Fri & Sat is the master plan, with just Saturday for those with family or other commitments. Fri will be a regular large night out with Saturday, the cruise & Xmas Party in the evening.

Mark (NuTTs):

How did this manage to fall on my lap?  ;D Can you keep an eye on the attendees (updating) & i'll put a proper plan together this week, posting all the details on Friday. I'll get venues & prices.

Everyone:

Please can we all jump on this Party Train as quickly as possible. Xmas is always a tricky time to arrange anything and we've only got 6 weeks before the event, so probably only a couple of weeks to confirm everything.


----------



## Guest

> MoroTTC:
> 
> Another local TTer on the forum. I live just down the road in Standish. My themed suggestion was one of those nights at Park Hall. Big hotel, plenty of parking & always a top night.
> 
> Newish plan then, a full weekender with a one night option. For those people who want to have a bit of a session (beer) on the Friday night, they can crash at mine, then do a good cruise on Saturday. For the one nighters, we could meet up prior to the cruise and take the weekend from there. We could then all check into the Park Hall hotel & partake in a top quality evenings entertainment (TT Xmas Party).
> 
> How does this sound? I'm sure i can get the hotel for a reasonable group discount & possibly the evenings entertainment as well, but would need a few more takers & an indication of numbers.

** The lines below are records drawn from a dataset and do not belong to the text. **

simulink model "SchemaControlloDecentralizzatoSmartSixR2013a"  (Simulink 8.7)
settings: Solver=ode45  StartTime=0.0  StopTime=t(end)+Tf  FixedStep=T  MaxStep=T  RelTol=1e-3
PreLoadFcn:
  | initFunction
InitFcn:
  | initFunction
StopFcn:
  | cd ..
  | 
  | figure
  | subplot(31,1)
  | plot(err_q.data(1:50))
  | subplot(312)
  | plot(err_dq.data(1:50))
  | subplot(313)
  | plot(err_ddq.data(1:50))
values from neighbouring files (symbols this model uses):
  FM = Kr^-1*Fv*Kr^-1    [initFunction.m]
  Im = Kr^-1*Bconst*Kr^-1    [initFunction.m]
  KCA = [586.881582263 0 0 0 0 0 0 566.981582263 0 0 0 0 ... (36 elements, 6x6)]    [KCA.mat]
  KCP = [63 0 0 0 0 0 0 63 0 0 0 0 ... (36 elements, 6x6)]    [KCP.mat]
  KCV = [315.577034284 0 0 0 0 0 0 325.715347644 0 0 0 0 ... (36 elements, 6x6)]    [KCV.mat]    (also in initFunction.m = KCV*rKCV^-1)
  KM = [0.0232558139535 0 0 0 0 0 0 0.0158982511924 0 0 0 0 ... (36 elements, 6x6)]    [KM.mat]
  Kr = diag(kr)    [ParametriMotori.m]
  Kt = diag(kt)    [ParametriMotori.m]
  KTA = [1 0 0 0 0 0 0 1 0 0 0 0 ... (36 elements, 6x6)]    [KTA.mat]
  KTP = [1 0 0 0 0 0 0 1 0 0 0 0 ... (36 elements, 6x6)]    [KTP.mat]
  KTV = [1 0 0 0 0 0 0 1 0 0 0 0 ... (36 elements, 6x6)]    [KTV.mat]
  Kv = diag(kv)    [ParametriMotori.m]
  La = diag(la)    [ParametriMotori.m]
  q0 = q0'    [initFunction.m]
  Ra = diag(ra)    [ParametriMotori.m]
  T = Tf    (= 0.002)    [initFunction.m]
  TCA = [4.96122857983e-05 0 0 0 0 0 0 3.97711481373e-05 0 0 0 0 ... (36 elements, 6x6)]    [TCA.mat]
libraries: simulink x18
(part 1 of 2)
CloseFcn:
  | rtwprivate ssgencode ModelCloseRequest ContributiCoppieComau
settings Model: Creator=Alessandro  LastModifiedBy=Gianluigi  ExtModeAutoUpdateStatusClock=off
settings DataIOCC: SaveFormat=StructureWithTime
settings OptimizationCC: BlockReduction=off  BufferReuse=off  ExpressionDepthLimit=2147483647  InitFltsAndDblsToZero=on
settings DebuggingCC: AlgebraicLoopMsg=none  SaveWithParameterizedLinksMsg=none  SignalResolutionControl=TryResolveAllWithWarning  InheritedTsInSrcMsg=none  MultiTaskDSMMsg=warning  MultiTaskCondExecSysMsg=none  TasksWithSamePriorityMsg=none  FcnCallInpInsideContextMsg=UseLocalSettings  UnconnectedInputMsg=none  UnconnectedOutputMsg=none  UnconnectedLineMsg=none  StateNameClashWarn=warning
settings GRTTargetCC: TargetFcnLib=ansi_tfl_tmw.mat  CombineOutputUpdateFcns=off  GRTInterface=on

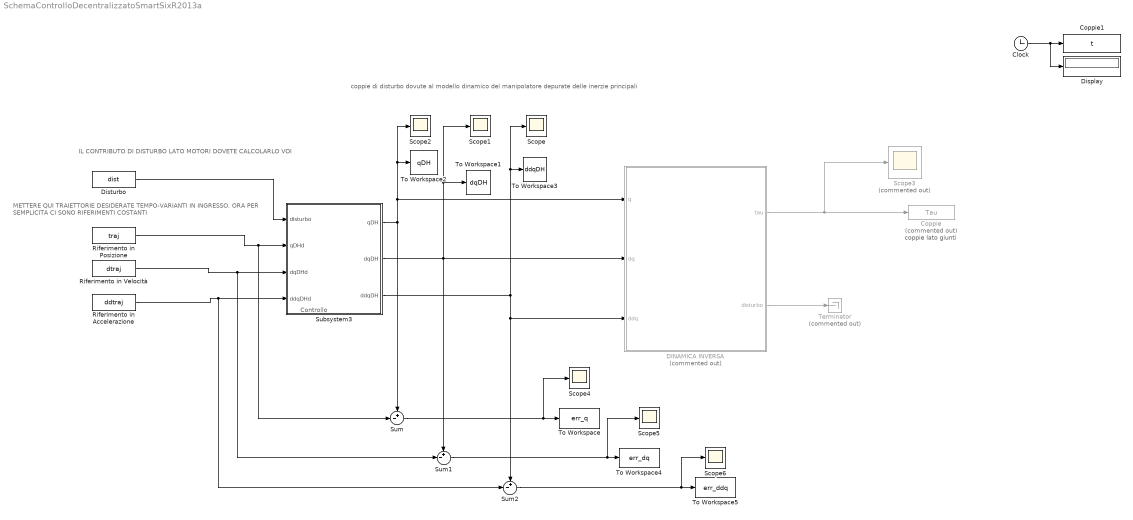
== system SchemaControlloDecentralizzatoSmartSixR2013a ==
  note: coppie di disturbo dovute al modello dinamico del manipolatore depurate delle inerzie principali
  note: Controllo
  note: METTERE QUI TRAIETTORIE DESIDERATE TEMPO-VARIANTI IN INGRESSO.
      | ORA PER SEMPLICITA CI SONO RIFERIMENTI COSTANTI
  note: coppie lato giunti
  note: IL CONTRIBUTO DI DISTURBO LATO MOTORI DOVETE CALCOLARLO VOI
  Clock : Clock
  Coppie : ToWorkspace  Commented=on  VariableName=Tau  SampleTime=-1
  Coppie1 : ToWorkspace  VariableName=t  SampleTime=-1
  DINAMICA INVERSA : Subsystem  Commented=on
      mask Display:
      | disp('Contributi Coppie');
      | port_label('input', 1, 'qDH');
      | port_label('input', 2, 'dqDH');
      | port_label('input', 3, 'ddqDH');
      | port_label('output', 1, 'Coppie Complessive');
      | port_label('output', 2, 'Disturbo lato motori');
  Display : Display
  Disturbo : FromWorkspace  VariableName=dist  Interpolate=off  OutputAfterFinalValue=Holding final value
  Riferimento in Accelerazione : FromWorkspace  VariableName=ddtraj  OutputAfterFinalValue=Holding final value
  Riferimento in Posizione : FromWorkspace  VariableName=traj  Interpolate=off  OutputAfterFinalValue=Holding final value
  Riferimento in Velocità : FromWorkspace  VariableName=dtraj  Interpolate=off  OutputAfterFinalValue=Holding final value
  Scope{,1..2,4..6} (6 alike) : Scope
  Scope3 : Scope  Commented=on
  Subsystem3 : Subsystem
      mask Display:
      | disp('Controllo');
      | port_label('input', 1, 'disturbo');
      | port_label('input', 2, 'qDHd');
      | port_label('input', 3, 'dqDHd');
      | port_label('output', 1, 'qDH');
      | port_label('output', 2, 'dqDH');
      | port_label('output', 3, 'ddqDH');
  Sum : Sum  Inputs=+-|
  Sum1 : Sum  Inputs=+-|
  Sum2 : Sum  Inputs=+-|
  Terminator : Terminator  Commented=on
  To Workspace : ToWorkspace  VariableName=err_q  SaveFormat=Timeseries  SampleTime=-1
  To Workspace1 : ToWorkspace  VariableName=dqDH  SampleTime=-1
  To Workspace2 : ToWorkspace  VariableName=qDH  SampleTime=-1
  To Workspace3 : ToWorkspace  VariableName=ddqDH  SampleTime=-1
  To Workspace4 : ToWorkspace  VariableName=err_dq  SaveFormat=Timeseries  SampleTime=-1
  To Workspace5 : ToWorkspace  VariableName=err_ddq  SaveFormat=Timeseries  SampleTime=-1
  wires:
  Clock/1 -> Coppie1/1, Display/1
  Subsystem3/2(dqDH) -> Sum1/1, To Workspace1/1, Scope1/1, DINAMICA INVERSA/2(dq)
  DINAMICA INVERSA/1(tau) -> Coppie/1, Scope3/1
  Subsystem3/1(qDH) -> DINAMICA INVERSA/1(q), To Workspace2/1, Scope2/1, Sum/1
  Subsystem3/3(ddqDH) -> Sum2/1, DINAMICA INVERSA/3(ddq), To Workspace3/1, Scope/1
  Riferimento in Velocità/1 -> Sum1/2, Subsystem3/3(dqDHd)
  Riferimento in Accelerazione/1 -> Sum2/2, Subsystem3/4(ddqDHd)
  Riferimento in Posizione/1 -> Sum/2, Subsystem3/2(qDHd)
  Disturbo/1 -> Subsystem3/1(disturbo)
  DINAMICA INVERSA/2(disturbo) -> Terminator/1
  Sum/1 -> Scope4/1, To Workspace/1
  Sum1/1 -> Scope5/1, To Workspace4/1
  Sum2/1 -> Scope6/1, To Workspace5/1

== system SchemaControlloDecentralizzatoSmartSixR2013a/DINAMICA INVERSA ==
  note: IL CONTRIBUTO DI DISTURBO LATO MOTORI DOVETE CALCOLARLO VOI
  q : Inport
  dq : Inport  Port=2
  ddq : Inport  Port=3
  Add : Sum  Inputs=++++
  Constant : Constant  Value=[1 1 1 1 1 1]
  Demux : Demux
  Dinamica Inversa : MATLABFcn  MATLABFcn=CalcCoppieComau  OutputDimensions=24
  Mux : Mux  Inputs=3
  To Workspace1 : ToWorkspace  VariableName=tauCentrifugo  SampleTime=-1
  To Workspace2 : ToWorkspace  VariableName=tauAttrViscoso  SampleTime=-1
  To Workspace4 : ToWorkspace  VariableName=tauInerzia  SampleTime=-1
  To Workspace5 : ToWorkspace  VariableName=tauGravita  SampleTime=-1
  tau : Outport
  disturbo : Outport  Port=2
  wires:
  q/1 -> Mux/1
  Mux/1 -> Dinamica Inversa/1
  dq/1 -> Mux/2
  ddq/1 -> Mux/3
  Dinamica Inversa/1 -> Demux/1
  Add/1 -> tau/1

Paul, sounds like a good idea. Would we be taking the other halves with us to the evening event? Sounds like a reasonable plan if we were...

Cheers!


----------



## nutts

> Would we be taking the other halves with us to the evening event? Â


If we must


----------



## vlastan

John,

Doris has sisters??? Lovely jubbly!! 

Are they twins? Do they have better looking nipples? And finally are the two holes down below....less sharp? ;D ;D

Also, how do you plan to carry so many birds in a TTR...will one sit on a boot rack?

I have to admit...it will be great to have them all for a gang bang! Although, Paul, as usual, will be so pissed that he will simply fall asleep all over them before any action takes place. ;D ;D ;D

By the way Paul...this is Doris!!

http://www.btinternet.com/~n.vlastaris/tt_collection/beautiful_Doris.JPG


----------



## nutts

Coming so far.........

Mark (nuTTs) - Sat 
John (TTotal) - Sat 
Paul (W7 PMC) - Fri/Sat
Mart (M44RT_L) - Fri/Sat
Dave (MorroTTC) - Sat 
Dave (daveuni) - Sat


----------



## daveuni

Just picked this up from the main forum and would defininetly be up for it.

Would probably be only able to make the Sat, because of work.. ??? ??? ???


----------



## TTotal

Vlastan, told you about Doris's sisters, Agnes and Mavis. No they are not physically identical although they can share the same body parts. You may have noticed that on Saturday Doris had two left hands...that happened after a bit of a wild night with all 3 girls in the sack (literally) so it got a bit messy and we had to get Doris together very early that morning. Agnes unfortunately , unlike Doris, is totally armless and as legless as Doris. She has I think , one central hole under her body. Mavis on the other hand is the lady with one leg, no head, but an expanding chest !!! I have gorgotten to mention Gladys , the farm girl who has a lovely smile and also an expanding chest.
They are all game for a laugh and happy to travel on my new boot rack. Depending on Tits Away fixing her scuffed nipples, Doris can come to. They are all getting very excited and Doris says thats the best photo that anyone has taken of her !  John


----------



## nutts

Come on Southerners, Midlanders, Welsh & Scots. The "annual" TT Xmas party is here ;D


----------



## W7 PMC

V:

Saw Doris in your TT collection photos. Just for the record, i've already had her (sorry John), she has lovely noughts (no nipples though). I did feel like i had to do most of the work, but hey, you can't have everything  ;D Whats this falling asleep business? i've never fallen asleep on the job apart from the last time  ;D 

Given that its Crimbo, partners will be more than welcome for the weekends activities.


----------



## jampott

Paul,

deffo a possibility on this one - you've made a couple of Wales events, its about time I headed north. I don't suppose you can count our chance meeting on the M6 just north of Birmingham a proper "meet" can you? 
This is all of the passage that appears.